== Segment start ==
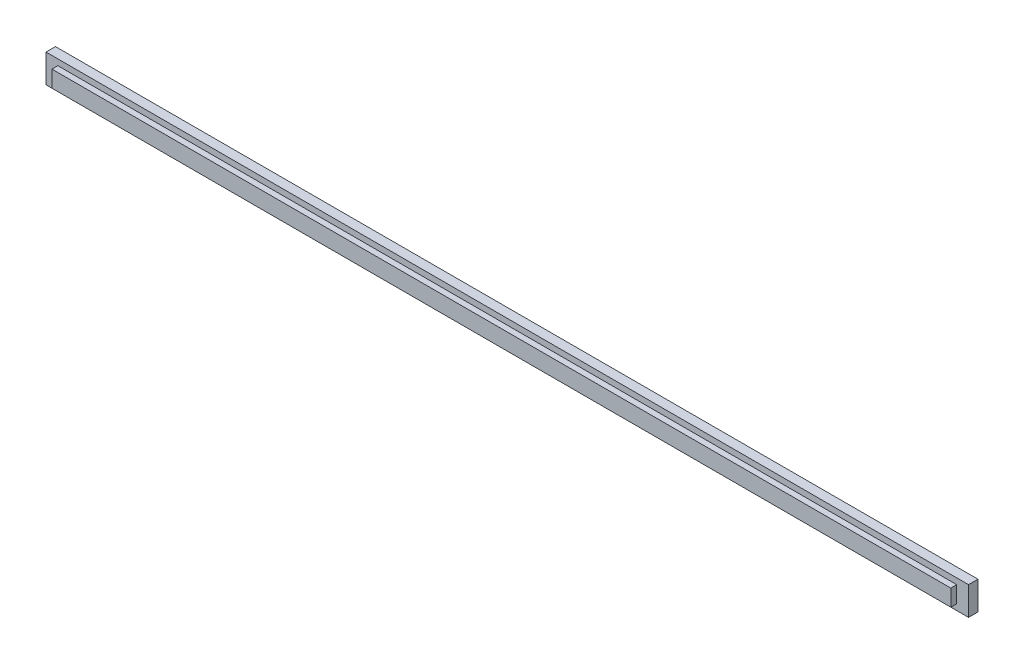
ISO-10303-21;
HEADER;
FILE_DESCRIPTION(('STEP AP214'),'2;1');
FILE_NAME('part.step','',(''),(''),'','','');
FILE_SCHEMA(('AUTOMOTIVE_DESIGN { 1 0 10303 214 1 1 1 1 }'));
ENDSEC;
DATA;
#1=APPLICATION_CONTEXT('core data for automotive mechanical design processes');
#2=APPLICATION_PROTOCOL_DEFINITION('international standard','automotive_design',2000,#1);
#3=PRODUCT_CONTEXT('',#1,'mechanical');
#4=PRODUCT('Part','Part','',(#3));
#5=PRODUCT_RELATED_PRODUCT_CATEGORY('part','',(#4));
#6=PRODUCT_DEFINITION_FORMATION('','',#4);
#7=PRODUCT_DEFINITION_CONTEXT('part definition',#1,'design');
#8=PRODUCT_DEFINITION('design','',#6,#7);
#9=PRODUCT_DEFINITION_SHAPE('','',#8);
#10=(LENGTH_UNIT() NAMED_UNIT(*) SI_UNIT(.MILLI.,.METRE.));
#11=(NAMED_UNIT(*) PLANE_ANGLE_UNIT() SI_UNIT($,.RADIAN.));
#12=(NAMED_UNIT(*) SI_UNIT($,.STERADIAN.) SOLID_ANGLE_UNIT());
#13=UNCERTAINTY_MEASURE_WITH_UNIT(LENGTH_MEASURE(1.E-05),#10,'distance_accuracy_value','');
#14=(GEOMETRIC_REPRESENTATION_CONTEXT(3) GLOBAL_UNCERTAINTY_ASSIGNED_CONTEXT((#13)) GLOBAL_UNIT_ASSIGNED_CONTEXT((#10,
#11,#12)) REPRESENTATION_CONTEXT('',''));
#15=CARTESIAN_POINT('',(0.,0.,0.));
#16=DIRECTION('',(0.,0.,1.));
#17=DIRECTION('',(1.,0.,0.));
#18=AXIS2_PLACEMENT_3D('',#15,#16,#17);
#19=CARTESIAN_POINT('',(0.,0.,4.));
#20=DIRECTION('',(0.,0.,-1.));
#21=DIRECTION('',(-1.,0.,0.));
#22=AXIS2_PLACEMENT_3D('',#19,#20,#21);
#23=PLANE('',#22);
#24=DIRECTION('',(0.,-1.,0.));
#25=VECTOR('',#24,1.);
#26=CARTESIAN_POINT('',(-195.,-6.,4.));
#27=LINE('',#26,#25);
#28=CARTESIAN_POINT('',(-195.,6.,4.));
#29=VERTEX_POINT('',#28);
#30=CARTESIAN_POINT('',(-195.,-6.,4.));
#31=VERTEX_POINT('',#30);
#32=EDGE_CURVE('E133',#29,#31,#27,.T.);
#33=ORIENTED_EDGE('',*,*,#32,.T.);
#34=DIRECTION('',(1.,0.,0.));
#35=VECTOR('',#34,1.);
#36=CARTESIAN_POINT('',(-195.,-6.,4.));
#37=LINE('',#36,#35);
#38=CARTESIAN_POINT('',(195.,-6.,4.));
#39=VERTEX_POINT('',#38);
#40=EDGE_CURVE('E136',#31,#39,#37,.T.);
#41=ORIENTED_EDGE('',*,*,#40,.T.);
#42=DIRECTION('',(0.,1.,0.));
#43=VECTOR('',#42,1.);
#44=CARTESIAN_POINT('',(195.,-6.,4.));
#45=LINE('',#44,#43);
#46=CARTESIAN_POINT('',(195.,6.,4.));
#47=VERTEX_POINT('',#46);
#48=EDGE_CURVE('E139',#39,#47,#45,.T.);
#49=ORIENTED_EDGE('',*,*,#48,.T.);
#50=DIRECTION('',(-1.,0.,0.));
#51=VECTOR('',#50,1.);
#52=CARTESIAN_POINT('',(-195.,6.,4.));
#53=LINE('',#52,#51);
#54=EDGE_CURVE('E141',#47,#29,#53,.T.);
#55=ORIENTED_EDGE('',*,*,#54,.T.);
#56=EDGE_LOOP('',(#33,#41,#49,#55));
#57=FACE_BOUND('',#56,.T.);
#58=DIRECTION('',(0.,-1.,0.));
#59=VECTOR('',#58,1.);
#60=CARTESIAN_POINT('',(-190.,-3.5,4.));
#61=LINE('',#60,#59);
#62=CARTESIAN_POINT('',(-190.,3.5,4.));
#63=VERTEX_POINT('',#62);
#64=CARTESIAN_POINT('',(-190.,-3.5,4.));
#65=VERTEX_POINT('',#64);
#66=EDGE_CURVE('E54',#63,#65,#61,.T.);
#67=ORIENTED_EDGE('',*,*,#66,.F.);
#68=DIRECTION('',(-1.,0.,0.));
#69=VECTOR('',#68,1.);
#70=CARTESIAN_POINT('',(-190.,3.5,4.));
#71=LINE('',#70,#69);
#72=CARTESIAN_POINT('',(190.,3.5,4.));
#73=VERTEX_POINT('',#72);
#74=EDGE_CURVE('E58',#73,#63,#71,.T.);
#75=ORIENTED_EDGE('',*,*,#74,.F.);
#76=DIRECTION('',(0.,1.,0.));
#77=VECTOR('',#76,1.);
#78=CARTESIAN_POINT('',(190.,-3.5,4.));
#79=LINE('',#78,#77);
#80=CARTESIAN_POINT('',(190.,-3.5,4.));
#81=VERTEX_POINT('',#80);
#82=EDGE_CURVE('E251',#81,#73,#79,.T.);
#83=ORIENTED_EDGE('',*,*,#82,.F.);
#84=DIRECTION('',(1.,0.,0.));
#85=VECTOR('',#84,1.);
#86=CARTESIAN_POINT('',(-190.,-3.5,4.));
#87=LINE('',#86,#85);
#88=EDGE_CURVE('E257',#65,#81,#87,.T.);
#89=ORIENTED_EDGE('',*,*,#88,.F.);
#90=EDGE_LOOP('',(#67,#75,#83,#89));
#91=FACE_BOUND('',#90,.T.);
#92=ADVANCED_FACE('F39',(#57,#91),#23,.F.);
#93=CARTESIAN_POINT('',(-195.,-6.,4.));
#94=DIRECTION('',(1.,0.,0.));
#95=DIRECTION('',(0.,0.,-1.));
#96=AXIS2_PLACEMENT_3D('',#93,#94,#95);
#97=PLANE('',#96);
#98=DIRECTION('',(0.,-1.,0.));
#99=VECTOR('',#98,1.);
#100=CARTESIAN_POINT('',(-195.,-6.,0.));
#101=LINE('',#100,#99);
#102=CARTESIAN_POINT('',(-195.,6.,0.));
#103=VERTEX_POINT('',#102);
#104=CARTESIAN_POINT('',(-195.,-6.,0.));
#105=VERTEX_POINT('',#104);
#106=EDGE_CURVE('E124',#103,#105,#101,.T.);
#107=ORIENTED_EDGE('',*,*,#106,.T.);
#108=DIRECTION('',(0.,0.,-1.));
#109=VECTOR('',#108,1.);
#110=CARTESIAN_POINT('',(-195.,-6.,4.));
#111=LINE('',#110,#109);
#112=EDGE_CURVE('E11',#31,#105,#111,.T.);
#113=ORIENTED_EDGE('',*,*,#112,.F.);
#114=ORIENTED_EDGE('',*,*,#32,.F.);
#115=DIRECTION('',(0.,0.,-1.));
#116=VECTOR('',#115,1.);
#117=CARTESIAN_POINT('',(-195.,6.,4.));
#118=LINE('',#117,#116);
#119=EDGE_CURVE('E142',#29,#103,#118,.T.);
#120=ORIENTED_EDGE('',*,*,#119,.T.);
#121=EDGE_LOOP('',(#107,#113,#114,#120));
#122=FACE_BOUND('',#121,.T.);
#123=ADVANCED_FACE('F41',(#122),#97,.F.);
#124=CARTESIAN_POINT('',(-195.,-6.,4.));
#125=DIRECTION('',(0.,1.,0.));
#126=DIRECTION('',(0.,0.,1.));
#127=AXIS2_PLACEMENT_3D('',#124,#125,#126);
#128=PLANE('',#127);
#129=DIRECTION('',(1.,0.,0.));
#130=VECTOR('',#129,1.);
#131=CARTESIAN_POINT('',(-195.,-6.,0.));
#132=LINE('',#131,#130);
#133=CARTESIAN_POINT('',(195.,-6.,0.));
#134=VERTEX_POINT('',#133);
#135=EDGE_CURVE('E127',#105,#134,#132,.T.);
#136=ORIENTED_EDGE('',*,*,#135,.T.);
#137=DIRECTION('',(0.,0.,-1.));
#138=VECTOR('',#137,1.);
#139=CARTESIAN_POINT('',(195.,-6.,4.));
#140=LINE('',#139,#138);
#141=EDGE_CURVE('E47',#39,#134,#140,.T.);
#142=ORIENTED_EDGE('',*,*,#141,.F.);
#143=ORIENTED_EDGE('',*,*,#40,.F.);
#144=ORIENTED_EDGE('',*,*,#112,.T.);
#145=EDGE_LOOP('',(#136,#142,#143,#144));
#146=FACE_BOUND('',#145,.T.);
#147=ADVANCED_FACE('F172',(#146),#128,.F.);
#148=CARTESIAN_POINT('',(195.,-6.,4.));
#149=DIRECTION('',(-1.,0.,0.));
#150=DIRECTION('',(0.,0.,1.));
#151=AXIS2_PLACEMENT_3D('',#148,#149,#150);
#152=PLANE('',#151);
#153=DIRECTION('',(0.,1.,0.));
#154=VECTOR('',#153,1.);
#155=CARTESIAN_POINT('',(195.,-6.,0.));
#156=LINE('',#155,#154);
#157=CARTESIAN_POINT('',(195.,6.,0.));
#158=VERTEX_POINT('',#157);
#159=EDGE_CURVE('E145',#134,#158,#156,.T.);
#160=ORIENTED_EDGE('',*,*,#159,.T.);
#161=DIRECTION('',(0.,0.,-1.));
#162=VECTOR('',#161,1.);
#163=CARTESIAN_POINT('',(195.,6.,4.));
#164=LINE('',#163,#162);
#165=EDGE_CURVE('E150',#47,#158,#164,.T.);
#166=ORIENTED_EDGE('',*,*,#165,.F.);
#167=ORIENTED_EDGE('',*,*,#48,.F.);
#168=ORIENTED_EDGE('',*,*,#141,.T.);
#169=EDGE_LOOP('',(#160,#166,#167,#168));
#170=FACE_BOUND('',#169,.T.);
#171=ADVANCED_FACE('F157',(#170),#152,.F.);
#172=CARTESIAN_POINT('',(-195.,6.,4.));
#173=DIRECTION('',(0.,-1.,0.));
#174=DIRECTION('',(0.,0.,-1.));
#175=AXIS2_PLACEMENT_3D('',#172,#173,#174);
#176=PLANE('',#175);
#177=DIRECTION('',(-1.,0.,0.));
#178=VECTOR('',#177,1.);
#179=CARTESIAN_POINT('',(-195.,6.,0.));
#180=LINE('',#179,#178);
#181=EDGE_CURVE('E137',#158,#103,#180,.T.);
#182=ORIENTED_EDGE('',*,*,#181,.T.);
#183=ORIENTED_EDGE('',*,*,#119,.F.);
#184=ORIENTED_EDGE('',*,*,#54,.F.);
#185=ORIENTED_EDGE('',*,*,#165,.T.);
#186=EDGE_LOOP('',(#182,#183,#184,#185));
#187=FACE_BOUND('',#186,.T.);
#188=ADVANCED_FACE('F166',(#187),#176,.F.);
#189=CARTESIAN_POINT('',(0.,0.,0.));
#190=DIRECTION('',(0.,0.,-1.));
#191=DIRECTION('',(-1.,0.,0.));
#192=AXIS2_PLACEMENT_3D('',#189,#190,#191);
#193=PLANE('',#192);
#194=ORIENTED_EDGE('',*,*,#106,.F.);
#195=ORIENTED_EDGE('',*,*,#181,.F.);
#196=ORIENTED_EDGE('',*,*,#159,.F.);
#197=ORIENTED_EDGE('',*,*,#135,.F.);
#198=EDGE_LOOP('',(#194,#195,#196,#197));
#199=FACE_BOUND('',#198,.T.);
#200=ADVANCED_FACE('F163',(#199),#193,.T.);
#201=CARTESIAN_POINT('',(-190.,-3.5,6.5));
#202=DIRECTION('',(1.,0.,0.));
#203=DIRECTION('',(0.,0.,-1.));
#204=AXIS2_PLACEMENT_3D('',#201,#202,#203);
#205=PLANE('',#204);
#206=ORIENTED_EDGE('',*,*,#66,.T.);
#207=DIRECTION('',(0.,0.,-1.));
#208=VECTOR('',#207,1.);
#209=CARTESIAN_POINT('',(-190.,-3.5,6.5));
#210=LINE('',#209,#208);
#211=CARTESIAN_POINT('',(-190.,-3.5,6.5));
#212=VERTEX_POINT('',#211);
#213=EDGE_CURVE('E107',#212,#65,#210,.T.);
#214=ORIENTED_EDGE('',*,*,#213,.F.);
#215=DIRECTION('',(0.,-1.,0.));
#216=VECTOR('',#215,1.);
#217=CARTESIAN_POINT('',(-190.,-3.5,6.5));
#218=LINE('',#217,#216);
#219=CARTESIAN_POINT('',(-190.,3.5,6.5));
#220=VERTEX_POINT('',#219);
#221=EDGE_CURVE('E113',#220,#212,#218,.T.);
#222=ORIENTED_EDGE('',*,*,#221,.F.);
#223=DIRECTION('',(0.,0.,-1.));
#224=VECTOR('',#223,1.);
#225=CARTESIAN_POINT('',(-190.,3.5,6.5));
#226=LINE('',#225,#224);
#227=EDGE_CURVE('E249',#220,#63,#226,.T.);
#228=ORIENTED_EDGE('',*,*,#227,.T.);
#229=EDGE_LOOP('',(#206,#214,#222,#228));
#230=FACE_BOUND('',#229,.T.);
#231=ADVANCED_FACE('F123',(#230),#205,.F.);
#232=CARTESIAN_POINT('',(-190.,-3.5,6.5));
#233=DIRECTION('',(0.,1.,0.));
#234=DIRECTION('',(0.,0.,1.));
#235=AXIS2_PLACEMENT_3D('',#232,#233,#234);
#236=PLANE('',#235);
#237=ORIENTED_EDGE('',*,*,#88,.T.);
#238=DIRECTION('',(0.,0.,-1.));
#239=VECTOR('',#238,1.);
#240=CARTESIAN_POINT('',(190.,-3.5,6.5));
#241=LINE('',#240,#239);
#242=CARTESIAN_POINT('',(190.,-3.5,6.5));
#243=VERTEX_POINT('',#242);
#244=EDGE_CURVE('E109',#243,#81,#241,.T.);
#245=ORIENTED_EDGE('',*,*,#244,.F.);
#246=DIRECTION('',(1.,0.,0.));
#247=VECTOR('',#246,1.);
#248=CARTESIAN_POINT('',(-190.,-3.5,6.5));
#249=LINE('',#248,#247);
#250=EDGE_CURVE('E102',#212,#243,#249,.T.);
#251=ORIENTED_EDGE('',*,*,#250,.F.);
#252=ORIENTED_EDGE('',*,*,#213,.T.);
#253=EDGE_LOOP('',(#237,#245,#251,#252));
#254=FACE_BOUND('',#253,.T.);
#255=ADVANCED_FACE('F105',(#254),#236,.F.);
#256=CARTESIAN_POINT('',(190.,-3.5,6.5));
#257=DIRECTION('',(-1.,0.,0.));
#258=DIRECTION('',(0.,0.,1.));
#259=AXIS2_PLACEMENT_3D('',#256,#257,#258);
#260=PLANE('',#259);
#261=ORIENTED_EDGE('',*,*,#82,.T.);
#262=DIRECTION('',(0.,0.,-1.));
#263=VECTOR('',#262,1.);
#264=CARTESIAN_POINT('',(190.,3.5,6.5));
#265=LINE('',#264,#263);
#266=CARTESIAN_POINT('',(190.,3.5,6.5));
#267=VERTEX_POINT('',#266);
#268=EDGE_CURVE('E129',#267,#73,#265,.T.);
#269=ORIENTED_EDGE('',*,*,#268,.F.);
#270=DIRECTION('',(0.,1.,0.));
#271=VECTOR('',#270,1.);
#272=CARTESIAN_POINT('',(190.,-3.5,6.5));
#273=LINE('',#272,#271);
#274=EDGE_CURVE('E112',#243,#267,#273,.T.);
#275=ORIENTED_EDGE('',*,*,#274,.F.);
#276=ORIENTED_EDGE('',*,*,#244,.T.);
#277=EDGE_LOOP('',(#261,#269,#275,#276));
#278=FACE_BOUND('',#277,.T.);
#279=ADVANCED_FACE('F219',(#278),#260,.F.);
#280=CARTESIAN_POINT('',(-190.,3.5,6.5));
#281=DIRECTION('',(0.,-1.,0.));
#282=DIRECTION('',(0.,0.,-1.));
#283=AXIS2_PLACEMENT_3D('',#280,#281,#282);
#284=PLANE('',#283);
#285=ORIENTED_EDGE('',*,*,#74,.T.);
#286=ORIENTED_EDGE('',*,*,#227,.F.);
#287=DIRECTION('',(-1.,0.,0.));
#288=VECTOR('',#287,1.);
#289=CARTESIAN_POINT('',(-190.,3.5,6.5));
#290=LINE('',#289,#288);
#291=EDGE_CURVE('E118',#267,#220,#290,.T.);
#292=ORIENTED_EDGE('',*,*,#291,.F.);
#293=ORIENTED_EDGE('',*,*,#268,.T.);
#294=EDGE_LOOP('',(#285,#286,#292,#293));
#295=FACE_BOUND('',#294,.T.);
#296=ADVANCED_FACE('F227',(#295),#284,.F.);
#297=CARTESIAN_POINT('',(0.,0.,6.5));
#298=DIRECTION('',(0.,0.,-1.));
#299=DIRECTION('',(-1.,0.,0.));
#300=AXIS2_PLACEMENT_3D('',#297,#298,#299);
#301=PLANE('',#300);
#302=ORIENTED_EDGE('',*,*,#221,.T.);
#303=ORIENTED_EDGE('',*,*,#250,.T.);
#304=ORIENTED_EDGE('',*,*,#274,.T.);
#305=ORIENTED_EDGE('',*,*,#291,.T.);
#306=EDGE_LOOP('',(#302,#303,#304,#305));
#307=FACE_BOUND('',#306,.T.);
#308=ADVANCED_FACE('F116',(#307),#301,.F.);
#309=CLOSED_SHELL('',(#92,#123,#147,#171,#188,#200,#231,#255,#279,#296,#308));
#310=MANIFOLD_SOLID_BREP('B2',#309);
#311=ADVANCED_BREP_SHAPE_REPRESENTATION('',(#18,#310),#14);
#312=SHAPE_DEFINITION_REPRESENTATION(#9,#311);
ENDSEC;
END-ISO-10303-21;
== Segment end ==
▸ Problem requirements
What is needed is an exact copy of the lines above, from the one containing "#238=DIRECTION('',(0.,0.,-1.));" through the one containing "#302=ORIENTED_EDGE('',*,*,#221,.T.);", with nothing added.

▸ Result of the exercise
#238=DIRECTION('',(0.,0.,-1.));
#239=VECTOR('',#238,1.);
#240=CARTESIAN_POINT('',(190.,-3.5,6.5));
#241=LINE('',#240,#239);
#242=CARTESIAN_POINT('',(190.,-3.5,6.5));
#243=VERTEX_POINT('',#242);
#244=EDGE_CURVE('E109',#243,#81,#241,.T.);
#245=ORIENTED_EDGE('',*,*,#244,.F.);
#246=DIRECTION('',(1.,0.,0.));
#247=VECTOR('',#246,1.);
#248=CARTESIAN_POINT('',(-190.,-3.5,6.5));
#249=LINE('',#248,#247);
#250=EDGE_CURVE('E102',#212,#243,#249,.T.);
#251=ORIENTED_EDGE('',*,*,#250,.F.);
#252=ORIENTED_EDGE('',*,*,#213,.T.);
#253=EDGE_LOOP('',(#237,#245,#251,#252));
#254=FACE_BOUND('',#253,.T.);
#255=ADVANCED_FACE('F105',(#254),#236,.F.);
#256=CARTESIAN_POINT('',(190.,-3.5,6.5));
#257=DIRECTION('',(-1.,0.,0.));
#258=DIRECTION('',(0.,0.,1.));
#259=AXIS2_PLACEMENT_3D('',#256,#257,#258);
#260=PLANE('',#259);
#261=ORIENTED_EDGE('',*,*,#82,.T.);
#262=DIRECTION('',(0.,0.,-1.));
#263=VECTOR('',#262,1.);
#264=CARTESIAN_POINT('',(190.,3.5,6.5));
#265=LINE('',#264,#263);
#266=CARTESIAN_POINT('',(190.,3.5,6.5));
#267=VERTEX_POINT('',#266);
#268=EDGE_CURVE('E129',#267,#73,#265,.T.);
#269=ORIENTED_EDGE('',*,*,#268,.F.);
#270=DIRECTION('',(0.,1.,0.));
#271=VECTOR('',#270,1.);
#272=CARTESIAN_POINT('',(190.,-3.5,6.5));
#273=LINE('',#272,#271);
#274=EDGE_CURVE('E112',#243,#267,#273,.T.);
#275=ORIENTED_EDGE('',*,*,#274,.F.);
#276=ORIENTED_EDGE('',*,*,#244,.T.);
#277=EDGE_LOOP('',(#261,#269,#275,#276));
#278=FACE_BOUND('',#277,.T.);
#279=ADVANCED_FACE('F219',(#278),#260,.F.);
#280=CARTESIAN_POINT('',(-190.,3.5,6.5));
#281=DIRECTION('',(0.,-1.,0.));
#282=DIRECTION('',(0.,0.,-1.));
#283=AXIS2_PLACEMENT_3D('',#280,#281,#282);
#284=PLANE('',#283);
#285=ORIENTED_EDGE('',*,*,#74,.T.);
#286=ORIENTED_EDGE('',*,*,#227,.F.);
#287=DIRECTION('',(-1.,0.,0.));
#288=VECTOR('',#287,1.);
#289=CARTESIAN_POINT('',(-190.,3.5,6.5));
#290=LINE('',#289,#288);
#291=EDGE_CURVE('E118',#267,#220,#290,.T.);
#292=ORIENTED_EDGE('',*,*,#291,.F.);
#293=ORIENTED_EDGE('',*,*,#268,.T.);
#294=EDGE_LOOP('',(#285,#286,#292,#293));
#295=FACE_BOUND('',#294,.T.);
#296=ADVANCED_FACE('F227',(#295),#284,.F.);
#297=CARTESIAN_POINT('',(0.,0.,6.5));
#298=DIRECTION('',(0.,0.,-1.));
#299=DIRECTION('',(-1.,0.,0.));
#300=AXIS2_PLACEMENT_3D('',#297,#298,#299);
#301=PLANE('',#300);
#302=ORIENTED_EDGE('',*,*,#221,.T.);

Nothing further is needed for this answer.